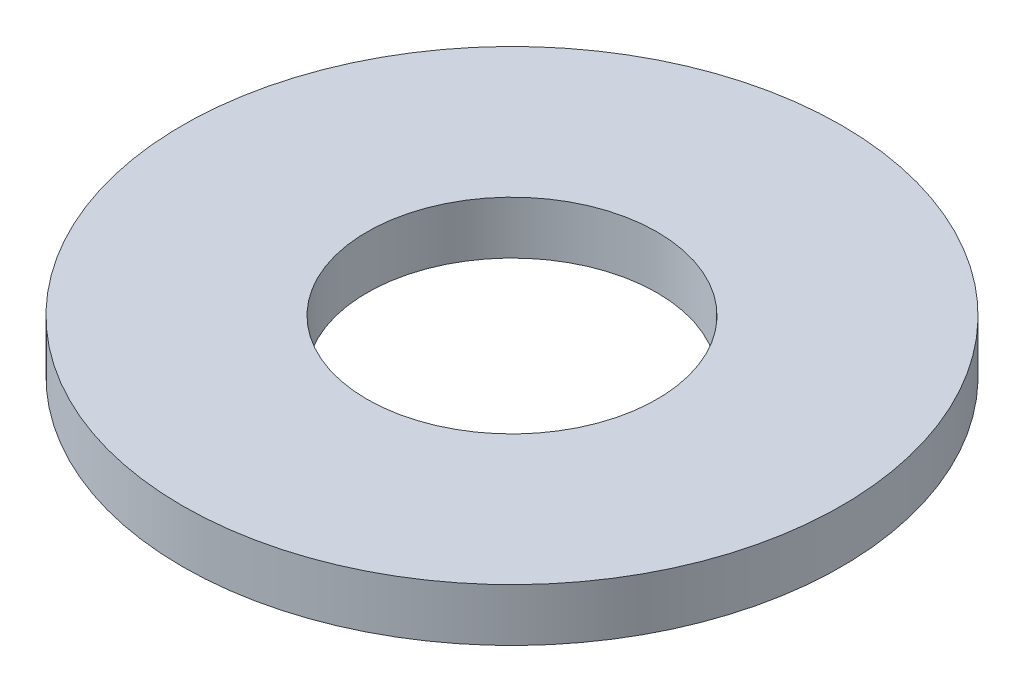
ISO-10303-21;
HEADER;
FILE_DESCRIPTION(('STEP AP214'),'2;1');
FILE_NAME('part.step','',(''),(''),'','','');
FILE_SCHEMA(('AUTOMOTIVE_DESIGN { 1 0 10303 214 1 1 1 1 }'));
ENDSEC;
DATA;
#1=APPLICATION_CONTEXT('core data for automotive mechanical design processes');
#2=APPLICATION_PROTOCOL_DEFINITION('international standard','automotive_design',2000,#1);
#3=PRODUCT_CONTEXT('',#1,'mechanical');
#4=PRODUCT('Part','Part','',(#3));
#5=PRODUCT_RELATED_PRODUCT_CATEGORY('part','',(#4));
#6=PRODUCT_DEFINITION_FORMATION('','',#4);
#7=PRODUCT_DEFINITION_CONTEXT('part definition',#1,'design');
#8=PRODUCT_DEFINITION('design','',#6,#7);
#9=PRODUCT_DEFINITION_SHAPE('','',#8);
#10=(LENGTH_UNIT() NAMED_UNIT(*) SI_UNIT(.MILLI.,.METRE.));
#11=(NAMED_UNIT(*) PLANE_ANGLE_UNIT() SI_UNIT($,.RADIAN.));
#12=(NAMED_UNIT(*) SI_UNIT($,.STERADIAN.) SOLID_ANGLE_UNIT());
#13=UNCERTAINTY_MEASURE_WITH_UNIT(LENGTH_MEASURE(1.E-05),#10,'distance_accuracy_value','');
#14=(GEOMETRIC_REPRESENTATION_CONTEXT(3) GLOBAL_UNCERTAINTY_ASSIGNED_CONTEXT((#13)) GLOBAL_UNIT_ASSIGNED_CONTEXT((#10,
#11,#12)) REPRESENTATION_CONTEXT('',''));
#15=CARTESIAN_POINT('',(0.,0.,0.));
#16=DIRECTION('',(0.,0.,1.));
#17=DIRECTION('',(1.,0.,0.));
#18=AXIS2_PLACEMENT_3D('',#15,#16,#17);
#19=CARTESIAN_POINT('',(0.,0.4,0.));
#20=DIRECTION('',(0.,-1.,0.));
#21=DIRECTION('',(0.,0.,-1.));
#22=AXIS2_PLACEMENT_3D('',#19,#20,#21);
#23=CYLINDRICAL_SURFACE('',#22,2.5);
#24=CARTESIAN_POINT('',(0.,0.4,0.));
#25=DIRECTION('',(0.,1.,0.));
#26=DIRECTION('',(0.,0.,1.));
#27=AXIS2_PLACEMENT_3D('',#24,#25,#26);
#28=CIRCLE('',#27,2.5);
#29=CARTESIAN_POINT('',(0.,0.4,2.5));
#30=VERTEX_POINT('',#29);
#31=EDGE_CURVE('E10',#30,#30,#28,.T.);
#32=ORIENTED_EDGE('',*,*,#31,.F.);
#33=EDGE_LOOP('',(#32));
#34=FACE_BOUND('',#33,.T.);
#35=CARTESIAN_POINT('',(0.,0.,0.));
#36=DIRECTION('',(0.,1.,0.));
#37=DIRECTION('',(0.,0.,1.));
#38=AXIS2_PLACEMENT_3D('',#35,#36,#37);
#39=CIRCLE('',#38,2.5);
#40=CARTESIAN_POINT('',(0.,0.,2.5));
#41=VERTEX_POINT('',#40);
#42=EDGE_CURVE('E35',#41,#41,#39,.T.);
#43=ORIENTED_EDGE('',*,*,#42,.T.);
#44=EDGE_LOOP('',(#43));
#45=FACE_BOUND('',#44,.T.);
#46=ADVANCED_FACE('F32',(#34,#45),#23,.T.);
#47=CARTESIAN_POINT('',(0.,0.4,0.));
#48=DIRECTION('',(0.,1.,0.));
#49=DIRECTION('',(0.,0.,1.));
#50=AXIS2_PLACEMENT_3D('',#47,#48,#49);
#51=PLANE('',#50);
#52=CARTESIAN_POINT('',(0.,0.4,0.));
#53=DIRECTION('',(0.,1.,0.));
#54=DIRECTION('',(0.,0.,1.));
#55=AXIS2_PLACEMENT_3D('',#52,#53,#54);
#56=CIRCLE('',#55,1.1);
#57=CARTESIAN_POINT('',(0.,0.4,1.1));
#58=VERTEX_POINT('',#57);
#59=EDGE_CURVE('E44',#58,#58,#56,.T.);
#60=ORIENTED_EDGE('',*,*,#59,.F.);
#61=EDGE_LOOP('',(#60));
#62=FACE_BOUND('',#61,.T.);
#63=ORIENTED_EDGE('',*,*,#31,.T.);
#64=EDGE_LOOP('',(#63));
#65=FACE_BOUND('',#64,.T.);
#66=ADVANCED_FACE('F59',(#62,#65),#51,.T.);
#67=CARTESIAN_POINT('',(0.,0.,0.));
#68=DIRECTION('',(0.,1.,0.));
#69=DIRECTION('',(0.,0.,1.));
#70=AXIS2_PLACEMENT_3D('',#67,#68,#69);
#71=PLANE('',#70);
#72=CARTESIAN_POINT('',(0.,0.,0.));
#73=DIRECTION('',(0.,1.,0.));
#74=DIRECTION('',(0.,0.,1.));
#75=AXIS2_PLACEMENT_3D('',#72,#73,#74);
#76=CIRCLE('',#75,1.1);
#77=CARTESIAN_POINT('',(0.,0.,1.1));
#78=VERTEX_POINT('',#77);
#79=EDGE_CURVE('E42',#78,#78,#76,.T.);
#80=ORIENTED_EDGE('',*,*,#79,.T.);
#81=EDGE_LOOP('',(#80));
#82=FACE_BOUND('',#81,.T.);
#83=ORIENTED_EDGE('',*,*,#42,.F.);
#84=EDGE_LOOP('',(#83));
#85=FACE_BOUND('',#84,.T.);
#86=ADVANCED_FACE('F50',(#82,#85),#71,.F.);
#87=CARTESIAN_POINT('',(0.,0.,0.));
#88=DIRECTION('',(0.,1.,0.));
#89=DIRECTION('',(0.,0.,1.));
#90=AXIS2_PLACEMENT_3D('',#87,#88,#89);
#91=CYLINDRICAL_SURFACE('',#90,1.1);
#92=ORIENTED_EDGE('',*,*,#79,.F.);
#93=EDGE_LOOP('',(#92));
#94=FACE_BOUND('',#93,.T.);
#95=ORIENTED_EDGE('',*,*,#59,.T.);
#96=EDGE_LOOP('',(#95));
#97=FACE_BOUND('',#96,.T.);
#98=ADVANCED_FACE('F53',(#94,#97),#91,.F.);
#99=CLOSED_SHELL('',(#46,#66,#86,#98));
#100=MANIFOLD_SOLID_BREP('B2',#99);
#101=ADVANCED_BREP_SHAPE_REPRESENTATION('',(#18,#100),#14);
#102=SHAPE_DEFINITION_REPRESENTATION(#9,#101);
ENDSEC;
END-ISO-10303-21;
━━━━━━━━
# What to produce:
For each record above, write out its text exactly and skip any picture.

# Finished exercise:
ISO-10303-21;
HEADER;
FILE_DESCRIPTION(('STEP AP214'),'2;1');
FILE_NAME('part.step','',(''),(''),'','','');
FILE_SCHEMA(('AUTOMOTIVE_DESIGN { 1 0 10303 214 1 1 1 1 }'));
ENDSEC;
DATA;
#1=APPLICATION_CONTEXT('core data for automotive mechanical design processes');
#2=APPLICATION_PROTOCOL_DEFINITION('international standard','automotive_design',2000,#1);
#3=PRODUCT_CONTEXT('',#1,'mechanical');
#4=PRODUCT('Part','Part','',(#3));
#5=PRODUCT_RELATED_PRODUCT_CATEGORY('part','',(#4));
#6=PRODUCT_DEFINITION_FORMATION('','',#4);
#7=PRODUCT_DEFINITION_CONTEXT('part definition',#1,'design');
#8=PRODUCT_DEFINITION('design','',#6,#7);
#9=PRODUCT_DEFINITION_SHAPE('','',#8);
#10=(LENGTH_UNIT() NAMED_UNIT(*) SI_UNIT(.MILLI.,.METRE.));
#11=(NAMED_UNIT(*) PLANE_ANGLE_UNIT() SI_UNIT($,.RADIAN.));
#12=(NAMED_UNIT(*) SI_UNIT($,.STERADIAN.) SOLID_ANGLE_UNIT());
#13=UNCERTAINTY_MEASURE_WITH_UNIT(LENGTH_MEASURE(1.E-05),#10,'distance_accuracy_value','');
#14=(GEOMETRIC_REPRESENTATION_CONTEXT(3) GLOBAL_UNCERTAINTY_ASSIGNED_CONTEXT((#13)) GLOBAL_UNIT_ASSIGNED_CONTEXT((#10,
#11,#12)) REPRESENTATION_CONTEXT('',''));
#15=CARTESIAN_POINT('',(0.,0.,0.));
#16=DIRECTION('',(0.,0.,1.));
#17=DIRECTION('',(1.,0.,0.));
#18=AXIS2_PLACEMENT_3D('',#15,#16,#17);
#19=CARTESIAN_POINT('',(0.,0.4,0.));
#20=DIRECTION('',(0.,-1.,0.));
#21=DIRECTION('',(0.,0.,-1.));
#22=AXIS2_PLACEMENT_3D('',#19,#20,#21);
#23=CYLINDRICAL_SURFACE('',#22,2.5);
#24=CARTESIAN_POINT('',(0.,0.4,0.));
#25=DIRECTION('',(0.,1.,0.));
#26=DIRECTION('',(0.,0.,1.));
#27=AXIS2_PLACEMENT_3D('',#24,#25,#26);
#28=CIRCLE('',#27,2.5);
#29=CARTESIAN_POINT('',(0.,0.4,2.5));
#30=VERTEX_POINT('',#29);
#31=EDGE_CURVE('E10',#30,#30,#28,.T.);
#32=ORIENTED_EDGE('',*,*,#31,.F.);
#33=EDGE_LOOP('',(#32));
#34=FACE_BOUND('',#33,.T.);
#35=CARTESIAN_POINT('',(0.,0.,0.));
#36=DIRECTION('',(0.,1.,0.));
#37=DIRECTION('',(0.,0.,1.));
#38=AXIS2_PLACEMENT_3D('',#35,#36,#37);
#39=CIRCLE('',#38,2.5);
#40=CARTESIAN_POINT('',(0.,0.,2.5));
#41=VERTEX_POINT('',#40);
#42=EDGE_CURVE('E35',#41,#41,#39,.T.);
#43=ORIENTED_EDGE('',*,*,#42,.T.);
#44=EDGE_LOOP('',(#43));
#45=FACE_BOUND('',#44,.T.);
#46=ADVANCED_FACE('F32',(#34,#45),#23,.T.);
#47=CARTESIAN_POINT('',(0.,0.4,0.));
#48=DIRECTION('',(0.,1.,0.));
#49=DIRECTION('',(0.,0.,1.));
#50=AXIS2_PLACEMENT_3D('',#47,#48,#49);
#51=PLANE('',#50);
#52=CARTESIAN_POINT('',(0.,0.4,0.));
#53=DIRECTION('',(0.,1.,0.));
#54=DIRECTION('',(0.,0.,1.));
#55=AXIS2_PLACEMENT_3D('',#52,#53,#54);
#56=CIRCLE('',#55,1.1);
#57=CARTESIAN_POINT('',(0.,0.4,1.1));
#58=VERTEX_POINT('',#57);
#59=EDGE_CURVE('E44',#58,#58,#56,.T.);
#60=ORIENTED_EDGE('',*,*,#59,.F.);
#61=EDGE_LOOP('',(#60));
#62=FACE_BOUND('',#61,.T.);
#63=ORIENTED_EDGE('',*,*,#31,.T.);
#64=EDGE_LOOP('',(#63));
#65=FACE_BOUND('',#64,.T.);
#66=ADVANCED_FACE('F59',(#62,#65),#51,.T.);
#67=CARTESIAN_POINT('',(0.,0.,0.));
#68=DIRECTION('',(0.,1.,0.));
#69=DIRECTION('',(0.,0.,1.));
#70=AXIS2_PLACEMENT_3D('',#67,#68,#69);
#71=PLANE('',#70);
#72=CARTESIAN_POINT('',(0.,0.,0.));
#73=DIRECTION('',(0.,1.,0.));
#74=DIRECTION('',(0.,0.,1.));
#75=AXIS2_PLACEMENT_3D('',#72,#73,#74);
#76=CIRCLE('',#75,1.1);
#77=CARTESIAN_POINT('',(0.,0.,1.1));
#78=VERTEX_POINT('',#77);
#79=EDGE_CURVE('E42',#78,#78,#76,.T.);
#80=ORIENTED_EDGE('',*,*,#79,.T.);
#81=EDGE_LOOP('',(#80));
#82=FACE_BOUND('',#81,.T.);
#83=ORIENTED_EDGE('',*,*,#42,.F.);
#84=EDGE_LOOP('',(#83));
#85=FACE_BOUND('',#84,.T.);
#86=ADVANCED_FACE('F50',(#82,#85),#71,.F.);
#87=CARTESIAN_POINT('',(0.,0.,0.));
#88=DIRECTION('',(0.,1.,0.));
#89=DIRECTION('',(0.,0.,1.));
#90=AXIS2_PLACEMENT_3D('',#87,#88,#89);
#91=CYLINDRICAL_SURFACE('',#90,1.1);
#92=ORIENTED_EDGE('',*,*,#79,.F.);
#93=EDGE_LOOP('',(#92));
#94=FACE_BOUND('',#93,.T.);
#95=ORIENTED_EDGE('',*,*,#59,.T.);
#96=EDGE_LOOP('',(#95));
#97=FACE_BOUND('',#96,.T.);
#98=ADVANCED_FACE('F53',(#94,#97),#91,.F.);
#99=CLOSED_SHELL('',(#46,#66,#86,#98));
#100=MANIFOLD_SOLID_BREP('B2',#99);
#101=ADVANCED_BREP_SHAPE_REPRESENTATION('',(#18,#100),#14);
#102=SHAPE_DEFINITION_REPRESENTATION(#9,#101);
ENDSEC;
END-ISO-10303-21;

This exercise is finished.